Action item
Instruction for the entries that follow: retype exactly the lines from the line with "layer by layer" to the line with "msp.add_lwpolyline(points, close=True, dxfattribs=at)", both included, and omit all others.

(Stored data entries)
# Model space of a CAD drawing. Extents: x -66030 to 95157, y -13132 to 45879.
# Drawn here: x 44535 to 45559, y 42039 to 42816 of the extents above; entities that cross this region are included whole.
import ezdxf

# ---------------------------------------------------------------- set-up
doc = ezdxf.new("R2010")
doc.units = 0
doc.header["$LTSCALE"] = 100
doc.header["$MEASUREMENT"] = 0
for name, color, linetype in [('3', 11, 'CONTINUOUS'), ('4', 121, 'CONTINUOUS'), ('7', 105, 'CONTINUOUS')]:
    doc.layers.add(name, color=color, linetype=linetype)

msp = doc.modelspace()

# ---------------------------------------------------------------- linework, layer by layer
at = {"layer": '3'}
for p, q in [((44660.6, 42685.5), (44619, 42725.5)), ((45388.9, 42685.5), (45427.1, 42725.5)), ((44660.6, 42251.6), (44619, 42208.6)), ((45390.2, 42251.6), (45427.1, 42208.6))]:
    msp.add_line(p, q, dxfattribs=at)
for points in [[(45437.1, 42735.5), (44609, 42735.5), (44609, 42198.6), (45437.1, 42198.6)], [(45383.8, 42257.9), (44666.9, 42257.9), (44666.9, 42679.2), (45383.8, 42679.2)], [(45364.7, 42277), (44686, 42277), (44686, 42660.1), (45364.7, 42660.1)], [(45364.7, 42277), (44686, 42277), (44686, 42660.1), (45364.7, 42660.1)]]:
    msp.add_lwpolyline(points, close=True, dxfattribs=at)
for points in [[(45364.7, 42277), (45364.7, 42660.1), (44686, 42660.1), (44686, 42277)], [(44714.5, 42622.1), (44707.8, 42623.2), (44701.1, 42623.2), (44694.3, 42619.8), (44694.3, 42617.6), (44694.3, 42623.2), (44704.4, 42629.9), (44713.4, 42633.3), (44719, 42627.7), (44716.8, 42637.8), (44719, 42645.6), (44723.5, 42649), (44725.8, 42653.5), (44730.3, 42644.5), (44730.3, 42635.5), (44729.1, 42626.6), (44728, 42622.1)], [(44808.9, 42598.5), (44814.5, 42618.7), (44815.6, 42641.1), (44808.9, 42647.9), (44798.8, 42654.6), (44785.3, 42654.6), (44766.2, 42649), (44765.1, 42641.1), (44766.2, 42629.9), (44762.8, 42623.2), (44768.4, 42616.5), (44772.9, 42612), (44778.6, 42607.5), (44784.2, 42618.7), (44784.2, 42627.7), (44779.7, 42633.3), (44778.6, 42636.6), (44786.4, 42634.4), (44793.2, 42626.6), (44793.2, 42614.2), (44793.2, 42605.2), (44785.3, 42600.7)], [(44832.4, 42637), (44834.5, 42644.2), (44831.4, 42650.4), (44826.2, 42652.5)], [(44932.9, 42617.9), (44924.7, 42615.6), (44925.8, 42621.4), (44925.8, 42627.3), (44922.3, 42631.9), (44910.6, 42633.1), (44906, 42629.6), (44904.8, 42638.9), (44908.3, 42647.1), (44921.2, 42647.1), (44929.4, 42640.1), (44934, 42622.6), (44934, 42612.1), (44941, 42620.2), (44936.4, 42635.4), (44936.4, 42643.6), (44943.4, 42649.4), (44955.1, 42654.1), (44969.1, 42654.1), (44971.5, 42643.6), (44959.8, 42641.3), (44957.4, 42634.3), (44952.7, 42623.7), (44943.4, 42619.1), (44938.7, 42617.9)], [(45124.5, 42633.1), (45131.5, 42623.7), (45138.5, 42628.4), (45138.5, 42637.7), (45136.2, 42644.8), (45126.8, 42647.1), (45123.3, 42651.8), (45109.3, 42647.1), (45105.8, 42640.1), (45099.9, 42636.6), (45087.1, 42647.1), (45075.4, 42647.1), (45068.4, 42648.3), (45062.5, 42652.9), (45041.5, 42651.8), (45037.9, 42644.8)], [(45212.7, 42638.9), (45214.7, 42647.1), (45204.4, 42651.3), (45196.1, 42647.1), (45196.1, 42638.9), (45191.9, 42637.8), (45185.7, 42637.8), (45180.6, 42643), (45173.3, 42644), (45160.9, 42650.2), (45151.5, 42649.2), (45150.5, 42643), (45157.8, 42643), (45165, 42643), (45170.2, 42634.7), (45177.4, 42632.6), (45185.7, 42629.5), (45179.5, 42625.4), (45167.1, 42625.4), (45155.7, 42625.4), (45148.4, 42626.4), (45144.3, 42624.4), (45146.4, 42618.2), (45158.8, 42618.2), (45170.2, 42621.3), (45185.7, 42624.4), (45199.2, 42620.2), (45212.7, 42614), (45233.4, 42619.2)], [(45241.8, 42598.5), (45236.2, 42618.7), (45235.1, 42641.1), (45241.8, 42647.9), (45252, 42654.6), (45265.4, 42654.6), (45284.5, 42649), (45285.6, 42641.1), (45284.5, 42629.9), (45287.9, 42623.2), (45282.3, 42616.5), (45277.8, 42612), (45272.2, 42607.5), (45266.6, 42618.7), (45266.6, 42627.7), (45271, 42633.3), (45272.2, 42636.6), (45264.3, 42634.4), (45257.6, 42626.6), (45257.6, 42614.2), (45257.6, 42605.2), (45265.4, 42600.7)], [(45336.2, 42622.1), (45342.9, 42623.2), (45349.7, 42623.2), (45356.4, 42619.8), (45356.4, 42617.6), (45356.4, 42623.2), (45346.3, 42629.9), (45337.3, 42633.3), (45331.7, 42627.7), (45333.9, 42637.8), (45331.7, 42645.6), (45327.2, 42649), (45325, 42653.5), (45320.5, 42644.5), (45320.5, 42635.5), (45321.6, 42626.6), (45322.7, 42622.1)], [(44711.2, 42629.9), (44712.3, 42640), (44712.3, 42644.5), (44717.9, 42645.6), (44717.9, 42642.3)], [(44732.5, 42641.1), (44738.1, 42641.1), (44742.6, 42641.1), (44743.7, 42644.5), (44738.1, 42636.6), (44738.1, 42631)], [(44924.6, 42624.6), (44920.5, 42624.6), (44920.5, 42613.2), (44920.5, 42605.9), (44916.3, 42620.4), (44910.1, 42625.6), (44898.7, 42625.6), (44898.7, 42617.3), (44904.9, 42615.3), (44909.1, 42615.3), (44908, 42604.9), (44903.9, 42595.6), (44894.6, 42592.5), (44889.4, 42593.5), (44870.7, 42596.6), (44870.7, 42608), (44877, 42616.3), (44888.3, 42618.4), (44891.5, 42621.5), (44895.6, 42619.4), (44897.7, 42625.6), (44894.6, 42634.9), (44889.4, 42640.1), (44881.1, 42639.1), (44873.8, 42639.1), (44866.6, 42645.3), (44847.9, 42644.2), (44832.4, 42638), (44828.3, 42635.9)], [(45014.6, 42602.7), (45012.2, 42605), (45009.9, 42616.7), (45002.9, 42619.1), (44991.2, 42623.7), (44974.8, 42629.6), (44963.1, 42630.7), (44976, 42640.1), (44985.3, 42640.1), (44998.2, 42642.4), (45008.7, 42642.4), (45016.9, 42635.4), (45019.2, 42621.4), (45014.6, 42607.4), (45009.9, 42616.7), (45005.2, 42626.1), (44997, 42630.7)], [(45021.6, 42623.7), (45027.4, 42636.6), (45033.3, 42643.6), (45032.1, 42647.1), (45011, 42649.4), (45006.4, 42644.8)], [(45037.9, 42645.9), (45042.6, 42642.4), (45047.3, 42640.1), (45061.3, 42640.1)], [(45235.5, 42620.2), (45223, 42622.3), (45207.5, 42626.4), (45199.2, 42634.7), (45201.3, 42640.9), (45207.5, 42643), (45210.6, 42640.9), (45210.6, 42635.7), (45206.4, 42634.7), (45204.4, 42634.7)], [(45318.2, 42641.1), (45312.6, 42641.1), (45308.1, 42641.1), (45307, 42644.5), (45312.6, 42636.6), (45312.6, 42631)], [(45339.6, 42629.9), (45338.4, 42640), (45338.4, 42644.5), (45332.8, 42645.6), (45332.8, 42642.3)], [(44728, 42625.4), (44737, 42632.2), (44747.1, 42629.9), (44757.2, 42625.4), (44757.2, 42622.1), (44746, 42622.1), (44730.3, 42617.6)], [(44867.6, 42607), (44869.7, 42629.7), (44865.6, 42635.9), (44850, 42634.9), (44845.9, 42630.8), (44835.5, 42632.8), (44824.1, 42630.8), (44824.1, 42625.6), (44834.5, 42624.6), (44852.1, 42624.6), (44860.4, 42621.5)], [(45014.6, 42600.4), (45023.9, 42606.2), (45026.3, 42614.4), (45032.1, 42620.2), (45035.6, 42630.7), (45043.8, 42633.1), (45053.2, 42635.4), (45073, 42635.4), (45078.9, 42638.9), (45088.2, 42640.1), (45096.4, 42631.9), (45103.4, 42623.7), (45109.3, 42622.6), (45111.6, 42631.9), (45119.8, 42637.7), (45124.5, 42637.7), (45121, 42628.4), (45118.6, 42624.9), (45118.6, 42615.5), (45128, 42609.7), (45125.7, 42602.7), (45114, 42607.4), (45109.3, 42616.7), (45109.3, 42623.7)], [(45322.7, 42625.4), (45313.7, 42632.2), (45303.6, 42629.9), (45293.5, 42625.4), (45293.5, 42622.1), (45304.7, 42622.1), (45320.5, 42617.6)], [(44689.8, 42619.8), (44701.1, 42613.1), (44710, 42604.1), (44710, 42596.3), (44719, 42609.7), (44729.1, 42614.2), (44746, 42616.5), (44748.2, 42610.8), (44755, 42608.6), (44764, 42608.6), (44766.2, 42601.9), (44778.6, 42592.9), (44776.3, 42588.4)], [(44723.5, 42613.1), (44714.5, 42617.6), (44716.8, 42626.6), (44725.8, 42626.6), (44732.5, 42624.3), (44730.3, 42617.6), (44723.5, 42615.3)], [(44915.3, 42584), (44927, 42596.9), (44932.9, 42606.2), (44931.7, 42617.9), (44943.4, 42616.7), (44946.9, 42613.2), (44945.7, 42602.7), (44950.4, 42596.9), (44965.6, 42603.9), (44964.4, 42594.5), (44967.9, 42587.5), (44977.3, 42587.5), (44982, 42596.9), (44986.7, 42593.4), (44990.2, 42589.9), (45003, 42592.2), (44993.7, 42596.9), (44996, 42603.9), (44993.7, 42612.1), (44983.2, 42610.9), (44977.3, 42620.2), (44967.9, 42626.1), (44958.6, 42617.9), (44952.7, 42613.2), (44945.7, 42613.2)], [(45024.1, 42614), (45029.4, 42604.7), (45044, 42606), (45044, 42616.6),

Answer to this task
# ---------------------------------------------------------------- linework, layer by layer
at = {"layer": '3'}
for p, q in [((44660.6, 42685.5), (44619, 42725.5)), ((45388.9, 42685.5), (45427.1, 42725.5)), ((44660.6, 42251.6), (44619, 42208.6)), ((45390.2, 42251.6), (45427.1, 42208.6))]:
    msp.add_line(p, q, dxfattribs=at)
for points in [[(45437.1, 42735.5), (44609, 42735.5), (44609, 42198.6), (45437.1, 42198.6)], [(45383.8, 42257.9), (44666.9, 42257.9), (44666.9, 42679.2), (45383.8, 42679.2)], [(45364.7, 42277), (44686, 42277), (44686, 42660.1), (45364.7, 42660.1)], [(45364.7, 42277), (44686, 42277), (44686, 42660.1), (45364.7, 42660.1)]]:
    msp.add_lwpolyline(points, close=True, dxfattribs=at)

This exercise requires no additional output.